All of lore.kernel.org
 help / color / mirror / Atom feed
From: Thomas Petazzoni <thomas.petazzoni@bootlin.com>
To: buildroot@busybox.net
Subject: [Buildroot] [PATCH v6] support/scripts/pkg-stats: add latest upstream version information
Date: Tue,  5 Feb 2019 16:19:59 +0100	[thread overview]
Message-ID: <20190205152000.32032-1-thomas.petazzoni@bootlin.com> (raw)

This commit adds fetching the latest upstream version of each package
from release-monitoring.org.

The fetching process first tries to use the package mappings of the
"Buildroot" distribution [1]. This mapping mechanism allows to tell
release-monitoring.org what is the name of a package in a given
distribution/build-system. For example, the package xutil_util-macros
in Buildroot is named xorg-util-macros on release-monitoring.org. This
mapping can be seen in the section "Mappings" of
https://release-monitoring.org/project/15037/.

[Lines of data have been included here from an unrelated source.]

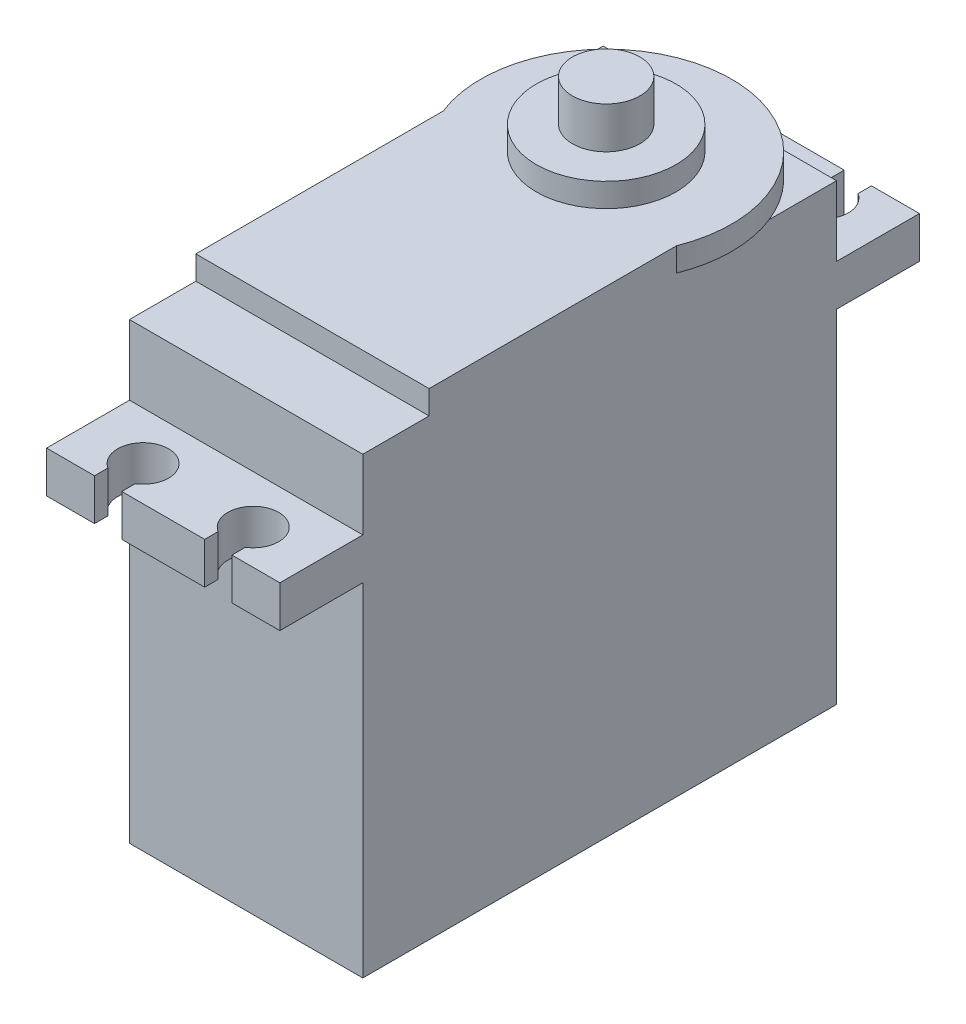
ISO-10303-21;
HEADER;
FILE_DESCRIPTION(('STEP AP214'),'2;1');
FILE_NAME('part.step','',(''),(''),'','','');
FILE_SCHEMA(('AUTOMOTIVE_DESIGN { 1 0 10303 214 1 1 1 1 }'));
ENDSEC;
DATA;
#1=APPLICATION_CONTEXT('core data for automotive mechanical design processes');
#2=APPLICATION_PROTOCOL_DEFINITION('international standard','automotive_design',2000,#1);
#3=PRODUCT_CONTEXT('',#1,'mechanical');
#4=PRODUCT('Part','Part','',(#3));
#5=PRODUCT_RELATED_PRODUCT_CATEGORY('part','',(#4));
#6=PRODUCT_DEFINITION_FORMATION('','',#4);
#7=PRODUCT_DEFINITION_CONTEXT('part definition',#1,'design');
#8=PRODUCT_DEFINITION('design','',#6,#7);
#9=PRODUCT_DEFINITION_SHAPE('','',#8);
#10=(LENGTH_UNIT() NAMED_UNIT(*) SI_UNIT(.MILLI.,.METRE.));
#11=(NAMED_UNIT(*) PLANE_ANGLE_UNIT() SI_UNIT($,.RADIAN.));
#12=(NAMED_UNIT(*) SI_UNIT($,.STERADIAN.) SOLID_ANGLE_UNIT());
#13=UNCERTAINTY_MEASURE_WITH_UNIT(LENGTH_MEASURE(1.E-05),#10,'distance_accuracy_value','');
#14=(GEOMETRIC_REPRESENTATION_CONTEXT(3) GLOBAL_UNCERTAINTY_ASSIGNED_CONTEXT((#13)) GLOBAL_UNIT_ASSIGNED_CONTEXT((#10,
#11,#12)) REPRESENTATION_CONTEXT('',''));
#15=CARTESIAN_POINT('',(0.,0.,0.));
#16=DIRECTION('',(0.,0.,1.));
#17=DIRECTION('',(1.,0.,0.));
#18=AXIS2_PLACEMENT_3D('',#15,#16,#17);
#19=CARTESIAN_POINT('',(19.7,0.,-40.));
#20=DIRECTION('',(0.,0.,1.));
#21=DIRECTION('',(1.,0.,0.));
#22=AXIS2_PLACEMENT_3D('',#19,#20,#21);
#23=PLANE('',#22);
#24=DIRECTION('',(1.,0.,0.));
#25=VECTOR('',#24,1.);
#26=CARTESIAN_POINT('',(0.,28.9,-40.));
#27=LINE('',#26,#25);
#28=CARTESIAN_POINT('',(0.,28.9,-40.));
#29=VERTEX_POINT('',#28);
#30=CARTESIAN_POINT('',(19.7,28.9,-40.));
#31=VERTEX_POINT('',#30);
#32=EDGE_CURVE('E66',#29,#31,#27,.T.);
#33=ORIENTED_EDGE('',*,*,#32,.T.);
#34=DIRECTION('',(0.,1.,0.));
#35=VECTOR('',#34,1.);
#36=CARTESIAN_POINT('',(19.7,0.,-40.));
#37=LINE('',#36,#35);
#38=CARTESIAN_POINT('',(19.7,0.,-40.));
#39=VERTEX_POINT('',#38);
#40=EDGE_CURVE('E290',#39,#31,#37,.T.);
#41=ORIENTED_EDGE('',*,*,#40,.F.);
#42=DIRECTION('',(-1.,0.,0.));
#43=VECTOR('',#42,1.);
#44=CARTESIAN_POINT('',(19.7,0.,-40.));
#45=LINE('',#44,#43);
#46=CARTESIAN_POINT('',(0.,0.,-40.));
#47=VERTEX_POINT('',#46);
#48=EDGE_CURVE('E527',#39,#47,#45,.T.);
#49=ORIENTED_EDGE('',*,*,#48,.T.);
#50=DIRECTION('',(0.,1.,0.));
#51=VECTOR('',#50,1.);
#52=CARTESIAN_POINT('',(0.,0.,-40.));
#53=LINE('',#52,#51);
#54=EDGE_CURVE('E515',#47,#29,#53,.T.);
#55=ORIENTED_EDGE('',*,*,#54,.T.);
#56=EDGE_LOOP('',(#33,#41,#49,#55));
#57=FACE_BOUND('',#56,.T.);
#58=ADVANCED_FACE('F41',(#57),#23,.F.);
#59=CARTESIAN_POINT('',(19.7,0.,0.));
#60=DIRECTION('',(0.,0.,-1.));
#61=DIRECTION('',(-1.,0.,0.));
#62=AXIS2_PLACEMENT_3D('',#59,#60,#61);
#63=PLANE('',#62);
#64=DIRECTION('',(-1.,0.,0.));
#65=VECTOR('',#64,1.);
#66=CARTESIAN_POINT('',(0.,32.4,0.));
#67=LINE('',#66,#65);
#68=CARTESIAN_POINT('',(19.7,32.4,0.));
#69=VERTEX_POINT('',#68);
#70=CARTESIAN_POINT('',(0.,32.4,0.));
#71=VERTEX_POINT('',#70);
#72=EDGE_CURVE('E372',#69,#71,#67,.T.);
#73=ORIENTED_EDGE('',*,*,#72,.F.);
#74=DIRECTION('',(0.,-1.,0.));
#75=VECTOR('',#74,1.);
#76=CARTESIAN_POINT('',(19.7,0.,0.));
#77=LINE('',#76,#75);
#78=CARTESIAN_POINT('',(19.7,38.3,0.));
#79=VERTEX_POINT('',#78);
#80=EDGE_CURVE('E497',#79,#69,#77,.T.);
#81=ORIENTED_EDGE('',*,*,#80,.F.);
#82=DIRECTION('',(-1.,0.,0.));
#83=VECTOR('',#82,1.);
#84=CARTESIAN_POINT('',(19.7,38.3,0.));
#85=LINE('',#84,#83);
#86=CARTESIAN_POINT('',(0.,38.3,0.));
#87=VERTEX_POINT('',#86);
#88=EDGE_CURVE('E507',#79,#87,#85,.T.);
#89=ORIENTED_EDGE('',*,*,#88,.T.);
#90=DIRECTION('',(0.,-1.,0.));
#91=VECTOR('',#90,1.);
#92=CARTESIAN_POINT('',(0.,0.,0.));
#93=LINE('',#92,#91);
#94=EDGE_CURVE('E509',#87,#71,#93,.T.);
#95=ORIENTED_EDGE('',*,*,#94,.T.);
#96=EDGE_LOOP('',(#73,#81,#89,#95));
#97=FACE_BOUND('',#96,.T.);
#98=ADVANCED_FACE('F570',(#97),#63,.F.);
#99=CARTESIAN_POINT('',(19.7,38.3,0.));
#100=DIRECTION('',(0.,-1.,0.));
#101=DIRECTION('',(0.,0.,-1.));
#102=AXIS2_PLACEMENT_3D('',#99,#100,#101);
#103=PLANE('',#102);
#104=CARTESIAN_POINT('',(9.85,38.3,-30.4));
#105=DIRECTION('',(0.,1.,0.));
#106=DIRECTION('',(0.,0.,1.));
#107=AXIS2_PLACEMENT_3D('',#104,#105,#106);
#108=CIRCLE('',#107,10.6);
#109=CARTESIAN_POINT('',(19.7,38.3,-34.3163120406832));
#110=VERTEX_POINT('',#109);
#111=CARTESIAN_POINT('',(14.3444410108488,38.3,-40.));
#112=VERTEX_POINT('',#111);
#113=EDGE_CURVE('E50',#110,#112,#108,.T.);
#114=ORIENTED_EDGE('',*,*,#113,.F.);
#115=DIRECTION('',(0.,0.,1.));
#116=VECTOR('',#115,1.);
#117=CARTESIAN_POINT('',(19.7,38.3,0.));
#118=LINE('',#117,#116);
#119=CARTESIAN_POINT('',(19.7,38.3,-40.));
#120=VERTEX_POINT('',#119);
#121=EDGE_CURVE('E504',#120,#110,#118,.T.);
#122=ORIENTED_EDGE('',*,*,#121,.F.);
#123=DIRECTION('',(-1.,0.,0.));
#124=VECTOR('',#123,1.);
#125=CARTESIAN_POINT('',(19.7,38.3,-40.));
#126=LINE('',#125,#124);
#127=EDGE_CURVE('E525',#120,#112,#126,.T.);
#128=ORIENTED_EDGE('',*,*,#127,.T.);
#129=EDGE_LOOP('',(#114,#122,#128));
#130=FACE_BOUND('',#129,.T.);
#131=ADVANCED_FACE('F624',(#130),#103,.F.);
#132=CARTESIAN_POINT('',(5.35555898915117,38.3,-40.));
#133=VERTEX_POINT('',#132);
#134=CARTESIAN_POINT('',(0.,38.3,-34.3163120406832));
#135=VERTEX_POINT('',#134);
#136=EDGE_CURVE('E484',#133,#135,#108,.T.);
#137=ORIENTED_EDGE('',*,*,#136,.F.);
#138=CARTESIAN_POINT('',(0.,38.3,-40.));
#139=VERTEX_POINT('',#138);
#140=EDGE_CURVE('E524',#133,#139,#126,.T.);
#141=ORIENTED_EDGE('',*,*,#140,.T.);
#142=DIRECTION('',(0.,0.,1.));
#143=VECTOR('',#142,1.);
#144=CARTESIAN_POINT('',(0.,38.3,0.));
#145=LINE('',#144,#143);
#146=EDGE_CURVE('E518',#139,#135,#145,.T.);
#147=ORIENTED_EDGE('',*,*,#146,.T.);
#148=EDGE_LOOP('',(#137,#141,#147));
#149=FACE_BOUND('',#148,.T.);
#150=ADVANCED_FACE('F638',(#149),#103,.F.);
#151=DIRECTION('',(1.,0.,0.));
#152=VECTOR('',#151,1.);
#153=CARTESIAN_POINT('',(0.,38.3,-5.6));
#154=LINE('',#153,#152);
#155=CARTESIAN_POINT('',(0.,38.3,-5.6));
#156=VERTEX_POINT('',#155);
#157=CARTESIAN_POINT('',(19.7,38.3,-5.6));
#158=VERTEX_POINT('',#157);
#159=EDGE_CURVE('E464',#156,#158,#154,.T.);
#160=ORIENTED_EDGE('',*,*,#159,.F.);
#161=EDGE_CURVE('E517',#156,#87,#145,.T.);
#162=ORIENTED_EDGE('',*,*,#161,.T.);
#163=ORIENTED_EDGE('',*,*,#88,.F.);
#164=EDGE_CURVE('E503',#158,#79,#118,.T.);
#165=ORIENTED_EDGE('',*,*,#164,.F.);
#166=EDGE_LOOP('',(#160,#162,#163,#165));
#167=FACE_BOUND('',#166,.T.);
#168=ADVANCED_FACE('F567',(#167),#103,.F.);
#169=CARTESIAN_POINT('',(19.7,28.9,0.));
#170=VERTEX_POINT('',#169);
#171=CARTESIAN_POINT('',(19.7,0.,0.));
#172=VERTEX_POINT('',#171);
#173=EDGE_CURVE('E500',#170,#172,#77,.T.);
#174=ORIENTED_EDGE('',*,*,#173,.F.);
#175=DIRECTION('',(-1.,0.,0.));
#176=VECTOR('',#175,1.);
#177=CARTESIAN_POINT('',(0.,28.9,0.));
#178=LINE('',#177,#176);
#179=CARTESIAN_POINT('',(0.,28.9,0.));
#180=VERTEX_POINT('',#179);
#181=EDGE_CURVE('E401',#170,#180,#178,.T.);
#182=ORIENTED_EDGE('',*,*,#181,.T.);
#183=CARTESIAN_POINT('',(0.,0.,0.));
#184=VERTEX_POINT('',#183);
#185=EDGE_CURVE('E496',#180,#184,#93,.T.);
#186=ORIENTED_EDGE('',*,*,#185,.T.);
#187=DIRECTION('',(-1.,0.,0.));
#188=VECTOR('',#187,1.);
#189=CARTESIAN_POINT('',(19.7,0.,0.));
#190=LINE('',#189,#188);
#191=EDGE_CURVE('E45',#172,#184,#190,.T.);
#192=ORIENTED_EDGE('',*,*,#191,.F.);
#193=EDGE_LOOP('',(#174,#182,#186,#192));
#194=FACE_BOUND('',#193,.T.);
#195=ADVANCED_FACE('F43',(#194),#63,.F.);
#196=CARTESIAN_POINT('',(19.7,0.,0.));
#197=DIRECTION('',(0.,1.,0.));
#198=DIRECTION('',(0.,0.,1.));
#199=AXIS2_PLACEMENT_3D('',#196,#197,#198);
#200=PLANE('',#199);
#201=DIRECTION('',(0.,0.,-1.));
#202=VECTOR('',#201,1.);
#203=CARTESIAN_POINT('',(0.,0.,0.));
#204=LINE('',#203,#202);
#205=EDGE_CURVE('E512',#184,#47,#204,.T.);
#206=ORIENTED_EDGE('',*,*,#205,.T.);
#207=ORIENTED_EDGE('',*,*,#48,.F.);
#208=DIRECTION('',(0.,0.,-1.));
#209=VECTOR('',#208,1.);
#210=CARTESIAN_POINT('',(19.7,0.,0.));
#211=LINE('',#210,#209);
#212=EDGE_CURVE('E499',#172,#39,#211,.T.);
#213=ORIENTED_EDGE('',*,*,#212,.F.);
#214=ORIENTED_EDGE('',*,*,#191,.T.);
#215=EDGE_LOOP('',(#206,#207,#213,#214));
#216=FACE_BOUND('',#215,.T.);
#217=ADVANCED_FACE('F617',(#216),#200,.F.);
#218=CARTESIAN_POINT('',(19.7,32.4,-40.));
#219=VERTEX_POINT('',#218);
#220=EDGE_CURVE('E58',#219,#120,#37,.T.);
#221=ORIENTED_EDGE('',*,*,#220,.F.);
#222=DIRECTION('',(1.,0.,0.));
#223=VECTOR('',#222,1.);
#224=CARTESIAN_POINT('',(0.,32.4,-40.));
#225=LINE('',#224,#223);
#226=CARTESIAN_POINT('',(0.,32.4,-40.));
#227=VERTEX_POINT('',#226);
#228=EDGE_CURVE('E320',#227,#219,#225,.T.);
#229=ORIENTED_EDGE('',*,*,#228,.F.);
#230=EDGE_CURVE('E514',#227,#139,#53,.T.);
#231=ORIENTED_EDGE('',*,*,#230,.T.);
#232=ORIENTED_EDGE('',*,*,#140,.F.);
#233=EDGE_CURVE('E528',#112,#133,#126,.T.);
#234=ORIENTED_EDGE('',*,*,#233,.F.);
#235=ORIENTED_EDGE('',*,*,#127,.F.);
#236=EDGE_LOOP('',(#221,#229,#231,#232,#234,#235));
#237=FACE_BOUND('',#236,.T.);
#238=ADVANCED_FACE('F620',(#237),#23,.F.);
#239=CARTESIAN_POINT('',(19.7,0.,0.));
#240=DIRECTION('',(-1.,0.,0.));
#241=DIRECTION('',(0.,0.,1.));
#242=AXIS2_PLACEMENT_3D('',#239,#240,#241);
#243=PLANE('',#242);
#244=ORIENTED_EDGE('',*,*,#80,.T.);
#245=DIRECTION('',(0.,0.,-1.));
#246=VECTOR('',#245,1.);
#247=CARTESIAN_POINT('',(19.7,32.4,0.));
#248=LINE('',#247,#246);
#249=CARTESIAN_POINT('',(19.7,32.4,7.));
#250=VERTEX_POINT('',#249);
#251=EDGE_CURVE('E434',#250,#69,#248,.T.);
#252=ORIENTED_EDGE('',*,*,#251,.F.);
#253=DIRECTION('',(0.,1.,0.));
#254=VECTOR('',#253,1.);
#255=CARTESIAN_POINT('',(19.7,28.9,7.));
#256=LINE('',#255,#254);
#257=CARTESIAN_POINT('',(19.7,28.9,7.));
#258=VERTEX_POINT('',#257);
#259=EDGE_CURVE('E438',#258,#250,#256,.T.);
#260=ORIENTED_EDGE('',*,*,#259,.F.);
#261=DIRECTION('',(0.,0.,-1.));
#262=VECTOR('',#261,1.);
#263=CARTESIAN_POINT('',(19.7,28.9,0.));
#264=LINE('',#263,#262);
#265=EDGE_CURVE('E399',#258,#170,#264,.T.);
#266=ORIENTED_EDGE('',*,*,#265,.T.);
#267=ORIENTED_EDGE('',*,*,#173,.T.);
#268=ORIENTED_EDGE('',*,*,#212,.T.);
#269=ORIENTED_EDGE('',*,*,#40,.T.);
#270=DIRECTION('',(0.,0.,-1.));
#271=VECTOR('',#270,1.);
#272=CARTESIAN_POINT('',(19.7,28.9,-40.));
#273=LINE('',#272,#271);
#274=CARTESIAN_POINT('',(19.7,28.9,-47.));
#275=VERTEX_POINT('',#274);
#276=EDGE_CURVE('E283',#31,#275,#273,.T.);
#277=ORIENTED_EDGE('',*,*,#276,.T.);
#278=DIRECTION('',(0.,1.,0.));
#279=VECTOR('',#278,1.);
#280=CARTESIAN_POINT('',(19.7,28.9,-47.));
#281=LINE('',#280,#279);
#282=CARTESIAN_POINT('',(19.7,32.4,-47.));
#283=VERTEX_POINT('',#282);
#284=EDGE_CURVE('E266',#275,#283,#281,.T.);
#285=ORIENTED_EDGE('',*,*,#284,.T.);
#286=DIRECTION('',(0.,0.,-1.));
#287=VECTOR('',#286,1.);
#288=CARTESIAN_POINT('',(19.7,32.4,-40.));
#289=LINE('',#288,#287);
#290=EDGE_CURVE('E323',#219,#283,#289,.T.);
#291=ORIENTED_EDGE('',*,*,#290,.F.);
#292=ORIENTED_EDGE('',*,*,#220,.T.);
#293=ORIENTED_EDGE('',*,*,#121,.T.);
#294=CARTESIAN_POINT('',(19.7,38.3,-26.4836879593168));
#295=VERTEX_POINT('',#294);
#296=EDGE_CURVE('E508',#110,#295,#118,.T.);
#297=ORIENTED_EDGE('',*,*,#296,.T.);
#298=DIRECTION('',(0.,-1.,0.));
#299=VECTOR('',#298,1.);
#300=CARTESIAN_POINT('',(19.7,40.3,-26.4836879593168));
#301=LINE('',#300,#299);
#302=CARTESIAN_POINT('',(19.7,40.3,-26.4836879593168));
#303=VERTEX_POINT('',#302);
#304=EDGE_CURVE('E487',#303,#295,#301,.T.);
#305=ORIENTED_EDGE('',*,*,#304,.F.);
#306=DIRECTION('',(0.,0.,-1.));
#307=VECTOR('',#306,1.);
#308=CARTESIAN_POINT('',(19.7,40.3,-5.6));
#309=LINE('',#308,#307);
#310=CARTESIAN_POINT('',(19.7,40.3,-5.6));
#311=VERTEX_POINT('',#310);
#312=EDGE_CURVE('E473',#311,#303,#309,.T.);
#313=ORIENTED_EDGE('',*,*,#312,.F.);
#314=DIRECTION('',(0.,-1.,0.));
#315=VECTOR('',#314,1.);
#316=CARTESIAN_POINT('',(19.7,40.3,-5.6));
#317=LINE('',#316,#315);
#318=EDGE_CURVE('E490',#311,#158,#317,.T.);
#319=ORIENTED_EDGE('',*,*,#318,.T.);
#320=ORIENTED_EDGE('',*,*,#164,.T.);
#321=EDGE_LOOP('',(#244,#252,#260,#266,#267,#268,#269,#277,#285,#291,#292,#293,#297,#305,#313,
#319,#320));
#322=FACE_BOUND('',#321,.T.);
#323=ADVANCED_FACE('F289',(#322),#243,.F.);
#324=CARTESIAN_POINT('',(0.,0.,0.));
#325=DIRECTION('',(-1.,0.,0.));
#326=DIRECTION('',(0.,0.,1.));
#327=AXIS2_PLACEMENT_3D('',#324,#325,#326);
#328=PLANE('',#327);
#329=ORIENTED_EDGE('',*,*,#94,.F.);
#330=ORIENTED_EDGE('',*,*,#161,.F.);
#331=DIRECTION('',(0.,-1.,0.));
#332=VECTOR('',#331,1.);
#333=CARTESIAN_POINT('',(0.,40.3,-5.6));
#334=LINE('',#333,#332);
#335=CARTESIAN_POINT('',(0.,40.3,-5.6));
#336=VERTEX_POINT('',#335);
#337=EDGE_CURVE('E493',#336,#156,#334,.T.);
#338=ORIENTED_EDGE('',*,*,#337,.F.);
#339=DIRECTION('',(0.,0.,1.));
#340=VECTOR('',#339,1.);
#341=CARTESIAN_POINT('',(0.,40.3,-5.6));
#342=LINE('',#341,#340);
#343=CARTESIAN_POINT('',(0.,40.3,-26.4836879593168));
#344=VERTEX_POINT('',#343);
#345=EDGE_CURVE('E467',#344,#336,#342,.T.);
#346=ORIENTED_EDGE('',*,*,#345,.F.);
#347=DIRECTION('',(0.,-1.,0.));
#348=VECTOR('',#347,1.);
#349=CARTESIAN_POINT('',(0.,40.3,-26.4836879593168));
#350=LINE('',#349,#348);
#351=CARTESIAN_POINT('',(0.,38.3,-26.4836879593168));
#352=VERTEX_POINT('',#351);
#353=EDGE_CURVE('E477',#344,#352,#350,.T.);
#354=ORIENTED_EDGE('',*,*,#353,.T.);
#355=EDGE_CURVE('E521',#135,#352,#145,.T.);
#356=ORIENTED_EDGE('',*,*,#355,.F.);
#357=ORIENTED_EDGE('',*,*,#146,.F.);
#358=ORIENTED_EDGE('',*,*,#230,.F.);
#359=DIRECTION('',(0.,0.,1.));
#360=VECTOR('',#359,1.);
#361=CARTESIAN_POINT('',(0.,32.4,-40.));
#362=LINE('',#361,#360);
#363=CARTESIAN_POINT('',(0.,32.4,-47.));
#364=VERTEX_POINT('',#363);
#365=EDGE_CURVE('E317',#364,#227,#362,.T.);
#366=ORIENTED_EDGE('',*,*,#365,.F.);
#367=DIRECTION('',(0.,1.,0.));
#368=VECTOR('',#367,1.);
#369=CARTESIAN_POINT('',(0.,28.9,-47.));
#370=LINE('',#369,#368);
#371=CARTESIAN_POINT('',(0.,28.9,-47.));
#372=VERTEX_POINT('',#371);
#373=EDGE_CURVE('E350',#372,#364,#370,.T.);
#374=ORIENTED_EDGE('',*,*,#373,.F.);
#375=DIRECTION('',(0.,0.,1.));
#376=VECTOR('',#375,1.);
#377=CARTESIAN_POINT('',(0.,28.9,-40.));
#378=LINE('',#377,#376);
#379=EDGE_CURVE('E292',#372,#29,#378,.T.);
#380=ORIENTED_EDGE('',*,*,#379,.T.);
#381=ORIENTED_EDGE('',*,*,#54,.F.);
#382=ORIENTED_EDGE('',*,*,#205,.F.);
#383=ORIENTED_EDGE('',*,*,#185,.F.);
#384=DIRECTION('',(0.,0.,1.));
#385=VECTOR('',#384,1.);
#386=CARTESIAN_POINT('',(0.,28.9,0.));
#387=LINE('',#386,#385);
#388=CARTESIAN_POINT('',(0.,28.9,7.));
#389=VERTEX_POINT('',#388);
#390=EDGE_CURVE('E368',#180,#389,#387,.T.);
#391=ORIENTED_EDGE('',*,*,#390,.T.);
#392=DIRECTION('',(0.,1.,0.));
#393=VECTOR('',#392,1.);
#394=CARTESIAN_POINT('',(0.,28.9,7.));
#395=LINE('',#394,#393);
#396=CARTESIAN_POINT('',(0.,32.4,7.));
#397=VERTEX_POINT('',#396);
#398=EDGE_CURVE('E404',#389,#397,#395,.T.);
#399=ORIENTED_EDGE('',*,*,#398,.T.);
#400=DIRECTION('',(0.,0.,1.));
#401=VECTOR('',#400,1.);
#402=CARTESIAN_POINT('',(0.,32.4,0.));
#403=LINE('',#402,#401);
#404=EDGE_CURVE('E352',#71,#397,#403,.T.);
#405=ORIENTED_EDGE('',*,*,#404,.F.);
#406=EDGE_LOOP('',(#329,#330,#338,#346,#354,#356,#357,#358,#366,#374,#380,#381,#382,#383,#391,
#399,#405));
#407=FACE_BOUND('',#406,.T.);
#408=ADVANCED_FACE('F550',(#407),#328,.T.);
#409=CARTESIAN_POINT('',(9.85,38.3,-30.4));
#410=DIRECTION('',(0.,1.,0.));
#411=DIRECTION('',(0.,0.,1.));
#412=AXIS2_PLACEMENT_3D('',#409,#410,#411);
#413=PLANE('',#412);
#414=EDGE_CURVE('E480',#135,#352,#108,.T.);
#415=ORIENTED_EDGE('',*,*,#414,.F.);
#416=ORIENTED_EDGE('',*,*,#355,.T.);
#417=EDGE_LOOP('',(#415,#416));
#418=FACE_BOUND('',#417,.T.);
#419=ADVANCED_FACE('F739',(#418),#413,.F.);
#420=EDGE_CURVE('E483',#112,#133,#108,.T.);
#421=ORIENTED_EDGE('',*,*,#420,.F.);
#422=ORIENTED_EDGE('',*,*,#233,.T.);
#423=EDGE_LOOP('',(#421,#422));
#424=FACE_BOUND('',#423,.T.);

If there is no mapping, then it does a regular search, and within the
search results, looks for a package whose name matches the Buildroot
name.

Even though fetching from release-monitoring.org is a bit slow, using
multiprocessing.Pool has proven to not be reliable, with some requests
ending up with an exception. So we keep a serialized approach, but
with a single HTTPSConnectionPool() for all queries. Long term, we
hope to be able to use a database dump of release-monitoring.org
instead.

From an output point of view, the latest version column:

 - Is green when the version in Buildroot matches the latest upstream
   version

 - Is orange when the latest upstream version is unknown because the
   package was not found on release-monitoring.org

 - Is red when the version in Buildroot doesn't match the latest
   upstream version. Note that we are not doing anything smart here:
   we are just testing if the strings are equal or not.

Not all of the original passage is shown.